A One-Minute-Paper (OMP) is a short, focused prompt that students answer in ~60 seconds at the end of a session to consolidate learning, surface misconceptions, and provide formative feedback. When answering, be concise, specific, and use terminology from today’s session.

  1. Name the two most common transmission routes for upper respiratory tract infections and explain why viral aetiology dominates (>80%) in athletes.
  2. Describe the temporal pattern of sneezing versus coughing after a URTI and explain its clinical relevance for return-to-sport decisions.
  3. What is the “neck check” rule and how does it operationalise the above-the-neck / below-the-neck distinction in clinical practice?
  4. Explain in two sentences how IL-1 and IL-6 contribute to fever and sickness behaviour during a URTI.
  5. Define immunometabolism and describe one mechanism by which intense prolonged exercise alters immune cell metabolic capacity.
  6. Sketch the J-curve model (Nieman 1994) in words: label the three exercise zones and state the approximate change in URTI risk at the moderate and heavy ends.
  7. Summarise the key epidemiological finding from Nieman et al. (1990b) and explain why it remains a landmark study for exercise immunology.
  8. List four modifiable risk factors for illness in athletes that go beyond training load alone.
  9. What does the IOC consensus group caution regarding the right side of the J-curve in elite athletes, and why might this caveat matter for practice?
  10. Explain the concept of the “open window” in the context of exercise-induced immune changes.
  11. Why does SARS-CoV-2 infection typically require a longer return-to-play period than a common ARTI, and what immunological factors underlie this difference?
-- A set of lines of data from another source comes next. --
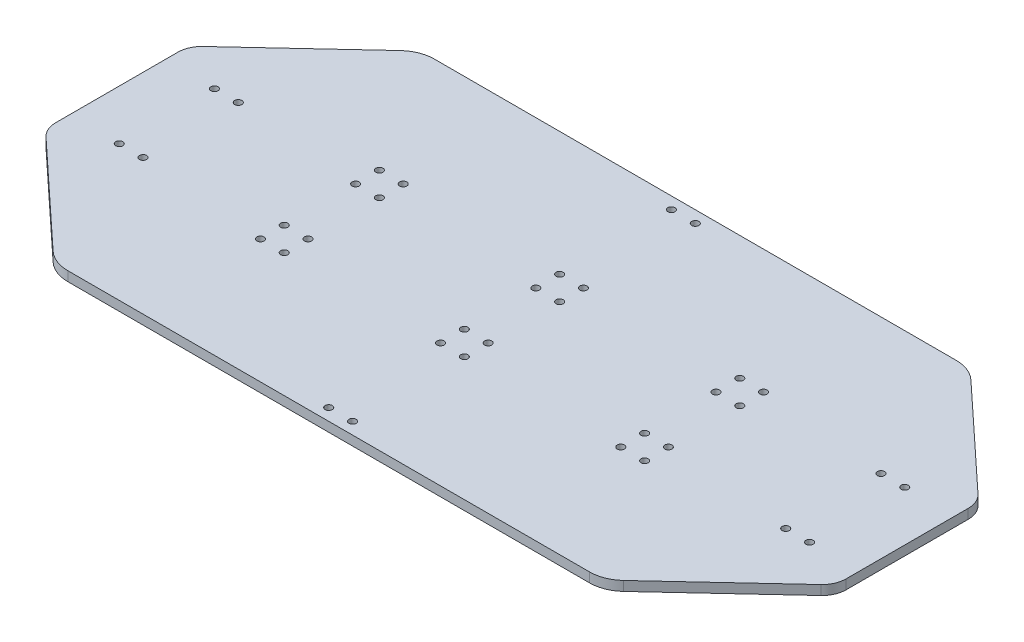
SolidWorks part; units mm, degrees
ref_plane "前视基准面" through (0, 0, 0) normal (0, 0, 1) x (1, 0, 0)
ref_plane "上视基准面" through (0, 0, 0) normal (0, 1, 0) x (1, 0, 0)
ref_plane "右视基准面" through (0, 0, 0) normal (1, 0, 0) x (0, 0, -1)
sketch "草图1" plane through (0, 0, 0) normal (0, 1, 0) x (1, 0, 0)
  line L0 (-119.8191, 72.9803) -> (-162.8128, 32.9663)
  line L1 (-115.5, 77) -> (115.5, 77) construction
  line L2 (-115.5, 77) -> (-115.5, -77) construction
  line L3 (-115.5, -77) -> (115.5, -77) construction
  line L4 (115.5, 77) -> (115.5, -77) construction
  line L5 (-115.5, 77) -> (115.5, -77) construction
  line L6 (-115.5, -77) -> (115.5, 77) construction
  line L7 (-166, 30) -> (166, 30) construction
  line L8 (-166, 30) -> (-166, -30) construction
  line L9 (-166, -30) -> (166, -30) construction
  line L10 (166, 30) -> (166, -30) construction
  line L11 (-166, 30) -> (166, -30) construction
  line L12 (-166, -30) -> (166, 30) construction
  line L13 (-166, 25.6461) -> (-166, -25.6461)
  line L14 (-162.8128, -32.9663) -> (-119.8191, -72.9803)
  line L15 (-109.5998, -77) -> (109.5998, -77)
  line L16 (119.8191, -72.9803) -> (162.8128, -32.9663)
  line L17 (166, -25.6461) -> (166, 25.6461)
  line L18 (162.8128, 32.9663) -> (119.8191, 72.9803)
  line L19 (109.5998, 77) -> (-109.5998, 77)
  arc A0 (119.8191, 72.9803) -> (109.5998, 77) centre (109.5998, 62) ccw
  arc A1 (109.5998, -77) -> (119.8191, -72.9803) centre (109.5998, -62) ccw
  arc A2 (-119.8191, -72.9803) -> (-109.5998, -77) centre (-109.5998, -62) ccw
  arc A3 (-119.8191, 72.9803) -> (-109.5998, 77) centre (-109.5998, 62) cw
  arc A4 (162.8128, -32.9663) -> (166, -25.6461) centre (156, -25.6461) ccw
  arc A5 (166, 25.6461) -> (162.8128, 32.9663) centre (156, 25.6461) ccw
  arc A6 (-166, -25.6461) -> (-162.8128, -32.9663) centre (-156, -25.6461) ccw
  arc A7 (-162.8128, 32.9663) -> (-166, 25.6461) centre (-156, 25.6461) ccw
  point P0 (0, 0)
  point P6 (0, 0)
  point P23 (-344.8569, 159.2826)
  dimension "D5" = 15
  dimension "D6" = 10
  dimension "D1" = 154
  dimension "D2" = 231
  dimension "D3" = 332
  dimension "D4" = 60
extrude "凸台-拉伸1" add sketch "草图1" along normal blind 4
sketch "草图2" plane through (0, 0, 0) normal (0, -1, 0) x (1, 0, 0)
  line L0 (0, 0) -> (0, -118.8375) construction
  line L1 (0, 0) -> (52.2397, 0) construction
  line L2 (5, -72) -> (-5, -72) construction
  circle A1 centre (5, 25) radius 1.5
  circle A2 centre (-5, 25) radius 1.5
  circle A3 centre (-5, 15) radius 1.5
  circle A4 centre (5, 15) radius 1.5
  circle A5 centre (-5, -15) radius 1.5
  circle A6 centre (5, -15) radius 1.5
  circle A7 centre (-5, -25) radius 1.5
  circle A8 centre (5, -25) radius 1.5
  circle A18 centre (-70.7, -15) radius 1.5
  circle A19 centre (-70.7, -25) radius 1.5
  circle A20 centre (-80.7, -25) radius 1.5
  circle A21 centre (-80.7, -15) radius 1.5
  circle A22 centre (-70.7, 25) radius 1.5
  circle A23 centre (-70.7, 25) radius 1.5 construction
  circle A24 centre (-80.7, 25) radius 1.5
  circle A25 centre (-80.7, 15) radius 1.5
  circle A26 centre (-70.7, 15) radius 1.5
  circle A27 centre (70.7, 25) radius 1.5
  circle A28 centre (70.7, 15) radius 1.5
  circle A29 centre (80.7, 15) radius 1.5
  circle A30 centre (80.7, 25) radius 1.5
  circle A31 centre (70.7, -15) radius 1.5
  circle A32 centre (80.7, -15) radius 1.5
  circle A33 centre (70.7, -25) radius 1.5
  circle A34 centre (80.7, -25) radius 1.5
  circle A35 centre (5, -72) radius 1.5
  circle A36 centre (-5, -72) radius 1.5
  circle A37 centre (-5, 72) radius 1.5
  circle A38 centre (5, 72) radius 1.5
  circle A39 centre (-145, 20) radius 1.5
  circle A40 centre (-135, 20) radius 1.5
  circle A41 centre (-145, -20) radius 1.5
  circle A42 centre (-135, -20) radius 1.5
  circle A43 centre (145, 20) radius 1.5
  circle A44 centre (135, -20) radius 1.5
  circle A45 centre (135, 20) radius 1.5
  circle A46 centre (145, -20) radius 1.5
  point P94 (0, -72)
  dimension "D1" = 10
extrude "切除-拉伸1" cut sketch "草图2" against normal through all
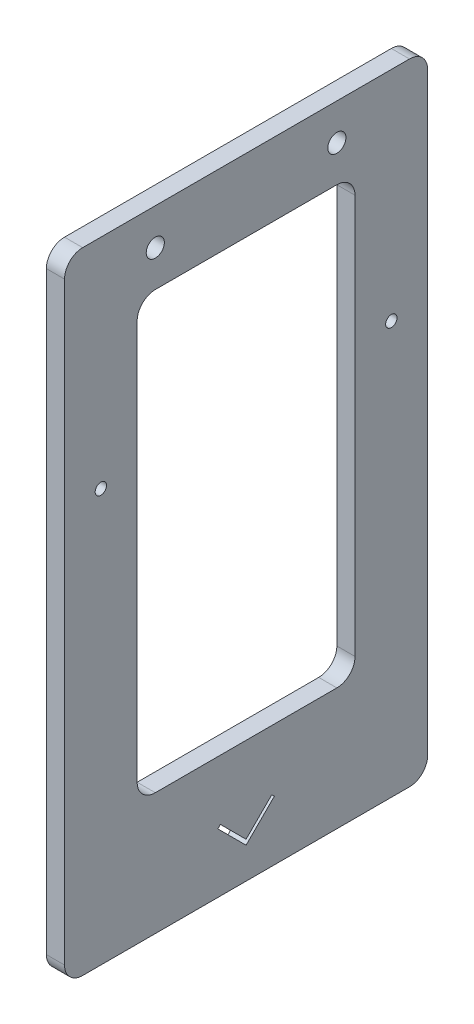
SolidWorks part; units mm, degrees
material "Balsa"
ref_plane "Front Plane" through (0, 0, 0) normal (0, 0, 1) x (1, 0, 0)
ref_plane "Top Plane" through (0, 0, 0) normal (0, 1, 0) x (1, 0, 0)
ref_plane "Right Plane" through (0, 0, 0) normal (1, 0, 0) x (0, 0, -1)
sketch "Sketch3" plane through (0, 0, 0) normal (1, 0, 0) x (0, 0, -1)
  line L0 (-31.75, -67.564) -> (31.75, -67.564)
  line L1 (-57.15, -110.236) -> (57.15, -110.236)
  line L2 (-63.5, -103.886) -> (-63.5, 103.886)
  line L3 (-57.15, 110.236) -> (57.15, 110.236)
  line L4 (63.5, -103.886) -> (63.5, 103.886)
  line L5 (-63.5, -110.236) -> (63.5, 110.236) construction
  line L6 (-63.5, 110.236) -> (63.5, -110.236) construction
  line L8 (-38.1, -61.214) -> (-38.1, 78.486)
  line L9 (-31.75, 84.836) -> (31.75, 84.836)
  line L11 (0, 0) -> (38.1, 84.836) construction
  line L12 (-38.1, 84.836) -> (0, 0) construction
  line L13 (38.1, -61.214) -> (38.1, 78.486)
  arc A0 (-57.15, -110.236) -> (-63.5, -103.886) centre (-57.15, -103.886) cw
  arc A1 (63.5, -103.886) -> (57.15, -110.236) centre (57.15, -103.886) cw
  arc A2 (63.5, 103.886) -> (57.15, 110.236) centre (57.15, 103.886) ccw
  arc A3 (-63.5, 103.886) -> (-57.15, 110.236) centre (-57.15, 103.886) cw
  arc A4 (31.75, -67.564) -> (38.1, -61.214) centre (31.75, -61.214) ccw
  arc A5 (-31.75, -67.564) -> (-38.1, -61.214) centre (-31.75, -61.214) cw
  arc A6 (31.75, 84.836) -> (38.1, 78.486) centre (31.75, 78.486) cw
  arc A7 (-38.1, 78.486) -> (-31.75, 84.836) centre (-31.75, 78.486) cw
  point P0 (0, 0)
  point P6 (0, 0)
  point P26 (38.1, -67.564)
  dimension "D7" = 6.35
  dimension "D8" = 6.35
  dimension "D1" = 220.472
  dimension "D2" = 127
  dimension "D3" = 76.2
  dimension "D4" = 152.4
  dimension "D5" = 25.4
  dimension "D6" = 25.4
extrude "Boss-Extrude2" add sketch "Sketch3" along normal blind 6.35
sketch "Sketch4" plane through (6.35, 0, 0) normal (1, 0, 0) x (0, 0, -1)
  line L0 (-57.15, -110.236) -> (57.15, -110.236) construction
  line L5 (0, -95.7399) -> (-8.9803, -86.7597) construction
  line L6 (-8.9803, -86.7597) -> (-9.8783, -87.6577) construction
  line L7 (0, -97.536) -> (-8.9803, -88.5557)
  line L8 (-9.8783, -87.6577) -> (0, -97.536) construction
  line L9 (0, -97.536) -> (9.8783, -87.6577) construction
  line L10 (9.8783, -87.6577) -> (8.9803, -86.7597) construction
  line L11 (8.9803, -86.7597) -> (0, -95.7399) construction
  line L12 (0, 3.4925) -> (0, -3.4925) construction
  line L13 (-8.9803, -88.5557) -> (-9.8783, -89.4538)
  line L14 (-9.8783, -89.4538) -> (0, -99.3321)
  line L15 (0, -97.536) -> (8.9803, -88.5557)
  line L16 (8.9803, -88.5557) -> (9.8783, -89.4538)
  line L17 (9.8783, -89.4538) -> (0, -99.3321)
  dimension "D1" = 12.7
  dimension "D2" = 12.7
  dimension "D3" = 1.27
  dimension "D4" = 12.7
  dimension "D5" = 1.27
extrude "Cut-Extrude1" cut sketch "Sketch4" against normal up to next
sketch "Sketch5" plane through (6.35, 0, 0) normal (1, 0, 0) x (0, 0, -1)
  line L0 (-31.75, 97.536) -> (31.75, 97.536) construction
  line L1 (31.75, 97.536) -> (63.5, 97.536) construction
  line L2 (63.5, -103.886) -> (63.5, 103.886) construction
  line L3 (-31.75, 97.536) -> (-63.5, 97.536) construction
  line L4 (-63.5, 103.886) -> (-63.5, -103.886) construction
  line L5 (57.15, 110.236) -> (-57.15, 110.236) construction
  circle A0 centre (-31.75, 97.536) radius 3.175
  circle A1 centre (31.75, 97.536) radius 3.175
  dimension "D1" = 6.35
  dimension "D2" = 63.5
  dimension "D3" = 12.7
extrude "Cut-Extrude2" cut sketch "Sketch5" against normal through all both and the other way through all
sketch "Sketch6" plane through (6.35, 0, 0) normal (1, 0, 0) x (0, 0, -1)
  line L0 (0, 3.4925) -> (0, -3.4925) construction
  line L1 (57.15, 110.236) -> (-57.15, 110.236) construction
  circle A0 centre (-50.8, 34.036) radius 1.9844
  circle A1 centre (50.8, 34.036) radius 1.9844
  point P4 (0, 0)
  dimension "D1" = 3.9688
  dimension "D2" = 50.8
  dimension "D3" = 76.2
extrude "Cut-Extrude3" cut sketch "Sketch6" against normal through all

  12. What are the WHO severity categories for COVID-19, and which clinical criterion differentiates mild from moderate disease?
  13. Describe the Steinacker et al. (2022) consensus graduated return-to-sport approach after mild COVID-19: minimum rest, symptom-free requirement, and competition clearance timeline.
  14. What is “silent hypoxia” in the context of COVID-19, and why is it particularly relevant for athletes considering early return to training?
  15. Explain how carbohydrate ingestion during prolonged exercise attenuates the post-exercise inflammatory response, citing the approximate magnitude of the effect.
  16. What role do polyphenols play as nutritional countermeasures to exercise-induced immune changes?
  17. Name three hygiene-based strategies an athlete can use to reduce infection risk in a team environment.
  18. Why is iron singled out among trace elements for regular laboratory screening in endurance athletes?
  19. What was the most clinically surprising epidemiological finding in today’s lecture, and why?
  20. Formulate one question about URTI risk management in athletes that you would like explored in a follow-up session.